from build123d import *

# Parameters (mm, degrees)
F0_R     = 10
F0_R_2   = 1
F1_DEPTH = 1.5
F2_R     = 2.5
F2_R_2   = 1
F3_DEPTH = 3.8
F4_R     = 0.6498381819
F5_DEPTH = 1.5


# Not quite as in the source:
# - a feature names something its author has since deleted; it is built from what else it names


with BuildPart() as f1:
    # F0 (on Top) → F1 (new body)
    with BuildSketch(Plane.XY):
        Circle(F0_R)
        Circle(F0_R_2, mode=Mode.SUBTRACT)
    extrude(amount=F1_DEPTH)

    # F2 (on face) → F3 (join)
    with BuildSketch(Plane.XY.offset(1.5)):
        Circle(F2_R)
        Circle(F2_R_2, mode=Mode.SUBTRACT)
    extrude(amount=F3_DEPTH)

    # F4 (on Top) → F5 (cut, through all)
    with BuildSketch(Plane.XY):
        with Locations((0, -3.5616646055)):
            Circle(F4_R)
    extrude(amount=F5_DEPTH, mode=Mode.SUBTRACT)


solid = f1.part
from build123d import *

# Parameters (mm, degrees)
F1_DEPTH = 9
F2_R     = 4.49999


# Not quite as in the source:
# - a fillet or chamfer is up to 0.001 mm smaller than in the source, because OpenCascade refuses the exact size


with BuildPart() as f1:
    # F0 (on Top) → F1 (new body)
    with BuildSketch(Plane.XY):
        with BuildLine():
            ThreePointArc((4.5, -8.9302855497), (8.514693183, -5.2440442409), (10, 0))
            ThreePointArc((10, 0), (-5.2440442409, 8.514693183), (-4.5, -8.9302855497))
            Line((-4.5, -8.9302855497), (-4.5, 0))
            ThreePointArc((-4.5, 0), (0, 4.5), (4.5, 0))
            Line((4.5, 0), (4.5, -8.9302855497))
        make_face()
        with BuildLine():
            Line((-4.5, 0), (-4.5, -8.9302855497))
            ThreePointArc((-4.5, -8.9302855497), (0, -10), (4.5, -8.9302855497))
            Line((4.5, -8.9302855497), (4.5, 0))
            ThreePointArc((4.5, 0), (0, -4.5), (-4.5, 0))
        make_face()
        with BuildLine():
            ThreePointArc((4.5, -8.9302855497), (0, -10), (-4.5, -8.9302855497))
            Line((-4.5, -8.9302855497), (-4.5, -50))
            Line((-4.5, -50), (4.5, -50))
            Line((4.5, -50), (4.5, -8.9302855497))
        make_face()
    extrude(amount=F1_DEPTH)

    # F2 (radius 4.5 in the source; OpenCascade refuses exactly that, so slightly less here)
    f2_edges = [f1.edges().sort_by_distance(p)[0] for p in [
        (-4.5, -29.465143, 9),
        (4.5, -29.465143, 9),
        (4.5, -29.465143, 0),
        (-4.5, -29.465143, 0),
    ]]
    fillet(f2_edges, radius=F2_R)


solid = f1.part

+ + + + +

→ Task item: What you should produce is an exact copy of the records above.

→ Answer to the problem:
from build123d import *

# Parameters (mm, degrees)
F0_R     = 10
F0_R_2   = 1
F1_DEPTH = 1.5
F2_R     = 2.5
F2_R_2   = 1
F3_DEPTH = 3.8
F4_R     = 0.6498381819
F5_DEPTH = 1.5


# Not quite as in the source:
# - a feature names something its author has since deleted; it is built from what else it names


with BuildPart() as f1:
    # F0 (on Top) → F1 (new body)
    with BuildSketch(Plane.XY):
        Circle(F0_R)
        Circle(F0_R_2, mode=Mode.SUBTRACT)
    extrude(amount=F1_DEPTH)

    # F2 (on face) → F3 (join)
    with BuildSketch(Plane.XY.offset(1.5)):
        Circle(F2_R)
        Circle(F2_R_2, mode=Mode.SUBTRACT)
    extrude(amount=F3_DEPTH)

    # F4 (on Top) → F5 (cut, through all)
    with BuildSketch(Plane.XY):
        with Locations((0, -3.5616646055)):
            Circle(F4_R)
    extrude(amount=F5_DEPTH, mode=Mode.SUBTRACT)


solid = f1.part
from build123d import *

# Parameters (mm, degrees)
F1_DEPTH = 9
F2_R     = 4.49999


# Not quite as in the source:
# - a fillet or chamfer is up to 0.001 mm smaller than in the source, because OpenCascade refuses the exact size


with BuildPart() as f1:
    # F0 (on Top) → F1 (new body)
    with BuildSketch(Plane.XY):
        with BuildLine():
            ThreePointArc((4.5, -8.9302855497), (8.514693183, -5.2440442409), (10, 0))
            ThreePointArc((10, 0), (-5.2440442409, 8.514693183), (-4.5, -8.9302855497))
            Line((-4.5, -8.9302855497), (-4.5, 0))
            ThreePointArc((-4.5, 0), (0, 4.5), (4.5, 0))
            Line((4.5, 0), (4.5, -8.9302855497))
        make_face()
        with BuildLine():
            Line((-4.5, 0), (-4.5, -8.9302855497))
            ThreePointArc((-4.5, -8.9302855497), (0, -10), (4.5, -8.9302855497))
            Line((4.5, -8.9302855497), (4.5, 0))
            ThreePointArc((4.5, 0), (0, -4.5), (-4.5, 0))
        make_face()
        with BuildLine():
            ThreePointArc((4.5, -8.9302855497), (0, -10), (-4.5, -8.9302855497))
            Line((-4.5, -8.9302855497), (-4.5, -50))
            Line((-4.5, -50), (4.5, -50))
            Line((4.5, -50), (4.5, -8.9302855497))
        make_face()
    extrude(amount=F1_DEPTH)

    # F2 (radius 4.5 in the source; OpenCascade refuses exactly that, so slightly less here)
    f2_edges = [f1.edges().sort_by_distance(p)[0] for p in [
        (-4.5, -29.465143, 9),
        (4.5, -29.465143, 9),
        (4.5, -29.465143, 0),
        (-4.5, -29.465143, 0),
    ]]
    fillet(f2_edges, radius=F2_R)


solid = f1.part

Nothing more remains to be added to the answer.